За это время Андрей Боголюбский кое-что все же успел. Он успел штурмом взять Киев и разорить его. До Андрея Боголюбского никто и не подумал бы это делать, никто бы не посмел. Рука бы ни у кого не поднялась.

Киев был любим на Руси. Киев был колыбелью славянской цивилизации. Киевский стол, даже когда он утратил свое экономическое значение, был чем-то заветным, вроде чаши Святого Грааля. Было престижно подняться на Киевский Стол. Даже в XV веке Новгород призовет к себе уже абсолютно никому не нужного киевского князя, находящегося под покровительством Литвы. Это много значило — звание киевского князя. Только он располагал Святой Софией, пока Новгород ее себе не выстроил. Там, в Киеве, было много традиций, много воспоминаний, там были мифы и сны. В конце концов, славянская мечта жила в Киеве. Пока Киев никто не смел тронуть, к нему стремились все сердца: и княжеские, и простые, и лествичное право еще сохраняло нам какое-то чувство общности. Ведь в коммунальной квартире, кроме безумного, предельного унижения, кроме духоты, спертости и тесноты, по идее, должны были еще существовать добрососедские отношения. Так вот, с Андрея Боголюбского Русь становится коммунальной квартирой без добрососедских отношений. А когда вы у коммунальной квартиры отнимаете добрососедские отношения, что такое тогда эта коммунальная квартира? Тогда коммунальная квартира становится лагерным бараком. Русь становится лагерным бараком (в смысле ее социальной структуры) с XIII века. Потому что Киев не просто взяли, чтобы кого-то оттуда можно было выгнать и сесть самому. Это еще можно было понять, и это постоянно случалось. То Владимир — Святополка, то Ярослав — Ярополка, то Болислав — Ярослава… Выпихивали из Киева старшего брата и сами садились, чтобы хоть немножко посидеть на киевском столе.

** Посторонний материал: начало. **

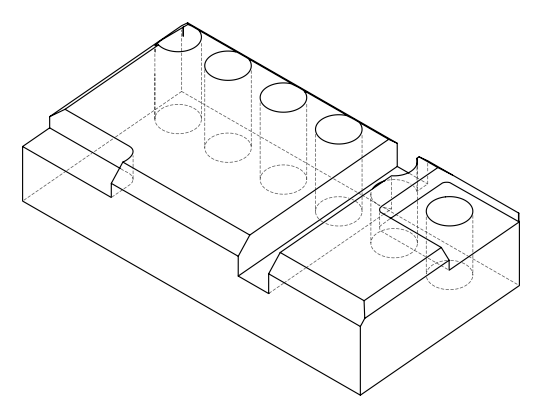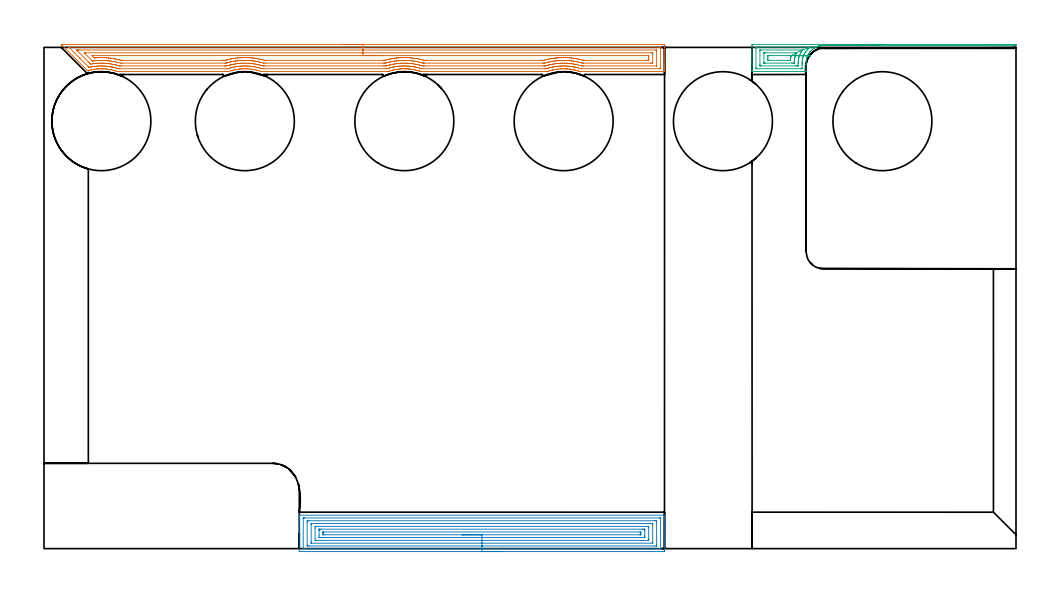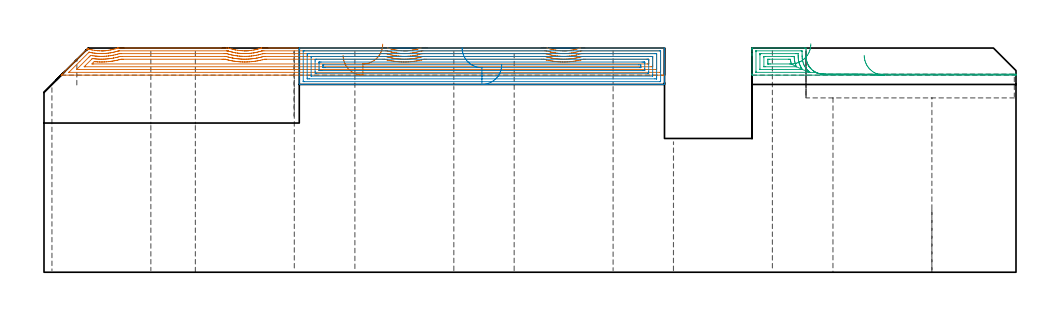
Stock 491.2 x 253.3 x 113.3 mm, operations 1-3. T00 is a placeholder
(PLAN: 15 operations, 3 tool changes, 94.5 min)
(1 AREA_MILL | FG_CHAMFER_SURFACE | UGT0205_001 | 12.26 min | 29806 mm3)
(2 AREA_MILL_1 | FG_CHAMFER_SURFACE_1 | UGT0205_001 | 10.62 min | 33862 mm3)
(3 AREA_MILL_2 | FG_CHAMFER_SURFACE_2 | UGT0205_001 | 2.42 min | 12071 mm3)
(4 AREA_MILL_3 | FG_CHAMFER_SURFACE_3 | UGT0205_001 | 7.56 min | 24013 mm3)
(5 AREA_MILL_4 | FG_CHAMFER_SURFACE_4 | UGT0205_001 | 5.31 min | 8658 mm3)
(6 AREA_MILL_5 | FG_CHAMFER_SURFACE_5 | UGT0205_001 | 12.17 min | 52395 mm3)
(7 MILL_CORNER_NOTCH_RECTANGULAR | CORNER_NOTCH_RECTANGULAR | NXT0201_012 | Follow Part, ap 4, ae 75% | 12.48 min | 205855 mm3)
(8 MILL_SLOT | SLOT_PARTIAL_RECTANGULAR | NXT0201_012 | Follow Part, ap 4, ae 75% | 21.01 min | 288629 mm3)
(9 MILL_RECTANGULAR_SLOT | SLOT_RECTANGULAR | UGT0201_019 | Follow Part, ap 10, ae 75% | 7.9 min | 519070 mm3)
(10 INDEXABLE_INSERT_DRILL_THROUGH_HOLE_FROM_SOLID | STEP1HOLE | NXT0302_038 | 0.47 min | 222355 mm3)
(11 INDEXABLE_INSERT_DRILL_THROUGH_HOLE_FROM_SOLID_1 | STEP1HOLE_1 | NXT0302_038 | 0.47 min | 222395 mm3)
(12 INDEXABLE_INSERT_DRILL_THROUGH_HOLE_FROM_SOLID_2 | STEP1HOLE_2 | NXT0302_038 | 0.47 min | 134652 mm3)
(13 INDEXABLE_INSERT_DRILL_THROUGH_HOLE_FROM_SOLID_3 | STEP1HOLE_3 | NXT0302_038 | 0.38 min | 172895 mm3)
(14 INDEXABLE_INSERT_DRILL_THROUGH_HOLE_FROM_SOLID_4 | STEP1HOLE_4 | NXT0302_038 | 0.47 min | 218298 mm3)
(15 INDEXABLE_INSERT_DRILL_THROUGH_HOLE_FROM_SOLID_5 | STEP1HOLE_5 | NXT0302_038 | 0.47 min | 222374 mm3)
(TOOL UGT0205_001 | Chamfer Mill 20 x 3 x 45 deg. | D20 FL50 Z2)
(TOOL NXT0201_012 | ENDMILL 16mm [2P460-1600-NA 1630] | D16 FL38 Z6)
(TOOL UGT0201_019 | End mill 40 mm | D40 FL63 Z6)
(TOOL NXT0302_038 | Index. Insert Drill 50mm [880-D5000L50-04] | D50 PA176 FL200 Z2)
(OP 1 AREA_MILL)
G17 G21 G94 G90
T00 M6
G54
G17 G0 G90 X151.15 Y254.8 S1061 M3
G43 Z123.3 H0
Z109.6
G94 G1 X151.188 Z108.728 F250.
X151.302 Z107.864
X151.491 Z107.012
X151.753 Z106.18
X152.087 Z105.374
X152.49 Z104.6
X152.958 Z103.864
X153.49 Z103.172
X154.079 Z102.529
X154.722 Z101.94
X155.414 Z101.409
X156.15 Z100.94
X156.924 Z100.537
X157.73 Z100.203
X158.562 Z99.941
X159.414 Z99.752
X160.278 Z99.638
X161.15 Z99.6
X312.381
X312.985 Y254.798 Z99.602
X313.582 Y254.793 Z99.604
X313.593 Y254.792 Z99.606
X313.597 Y254.196 Z100.201
X313.6 Y253.582 Z100.816
Y244.381 Z110.014
Y243.825 Z110.572
Y243.488 Z110.908
Y242.933 Z111.463
Y242.596 Z111.799
Y241.922 Z112.477
Y241.556 Z112.844
Y241.159 Z113.232
X313.59 Y241.102 Z113.288
X313.432 Y241.1 Z113.3
X271.007
X270.858 Y241.105 Z113.29
X270.777 Y241.123 Z113.274
X270.741 Y241.135 Z113.263
X270.367 Y241.254 Z113.144
X270.114 Y241.334 Z113.061
X270.048 Y241.355 Z113.041
X269.155 Y241.615 Z112.784
X268.262 Y241.841 Z112.556
X267.912 Y241.922 Z112.478
X267.881 Y241.929 Z112.471
X267.557 Y242.001 Z112.397
X267.512 Y242.011 Z112.387
X267.434 Y242.025 Z112.372
X267.37 Y242.037 Z112.36
X266.477 Y242.185 Z112.209
X265.968 Y242.257 Z112.139
X265.648 Y242.301 Z112.093
X265.585 Y242.31 Z112.085
X264.692 Y242.402 Z111.991
X264.311 Y242.428 Z111.965
X263.862 Y242.458 Z111.931
X263.799 Y242.463 Z111.927
X263.353 Y242.484 Z111.911
X263.32
X262.907 Y242.491 Z111.903
X262.014 Y242.483 Z111.911
X261.182 Y242.446 Z111.943
X261.121 Y242.444 Z111.946
X260.229 Y242.376 Z112.019
X259.336 Y242.275 Z112.12
X258.582 Y242.165 Z112.234
X258.444 Y242.144 Z112.255
X257.688 Y242.012 Z112.387
X257.551 Y241.982 Z112.417
X257.489 Y241.967 Z112.432
X257.163 Y241.888 Z112.504
X256.906 Y241.83 Z112.567
X256.658 Y241.773 Z112.625
X256.398 Y241.704 Z112.693
X256.27 Y241.668 Z112.725
X255.766 Y241.536 Z112.859
X255.639 Y241.5 Z112.899
X254.827 Y241.255 Z113.143
X254.493 Y241.146 Z113.249
X254.37 Y241.107 Z113.289
X254.314 Y241.105 Z113.291
X254.138 Y241.102 Z113.297
X190.624 Y241.1 Z113.3
X190.347 Y241.104 Z113.29
X190.175 Y241.158 Z113.236
X189.875 Y241.253 Z113.143
X189.731 Y241.299 Z113.096
X189.713 Y241.305 Z113.091
X189.521 Y241.362 Z113.035
X188.973 Y241.525 Z112.874
X188.838 Y241.563 Z112.832
X188.821 Y241.568 Z112.827
X188.383 Y241.683 Z112.716
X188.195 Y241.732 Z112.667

Но самое— то упоительное в этой ситуации было то, что Андрею Боголюбскому не нужен был Киев. Он взял Киев, и он не оставил там камня на камне. Удивительно, как Святая София уцелела. Иконы ободрали, рукописи пожгли. Лавру чуть не разрушили, людей вязали и в рабство продавали, своих же славян. Татар никаких не было нужно. Это середина XII века. Татар еще нет на Руси, вернее, монголо-татар.

Мы скоро узнаем, почему некорректно говорить о татарах, почему татары не имеют никакого отношения к монголо-татарскому нашествию. Вот этот дефис и второе слово: татары, — идут от невежества историков. Все было наоборот.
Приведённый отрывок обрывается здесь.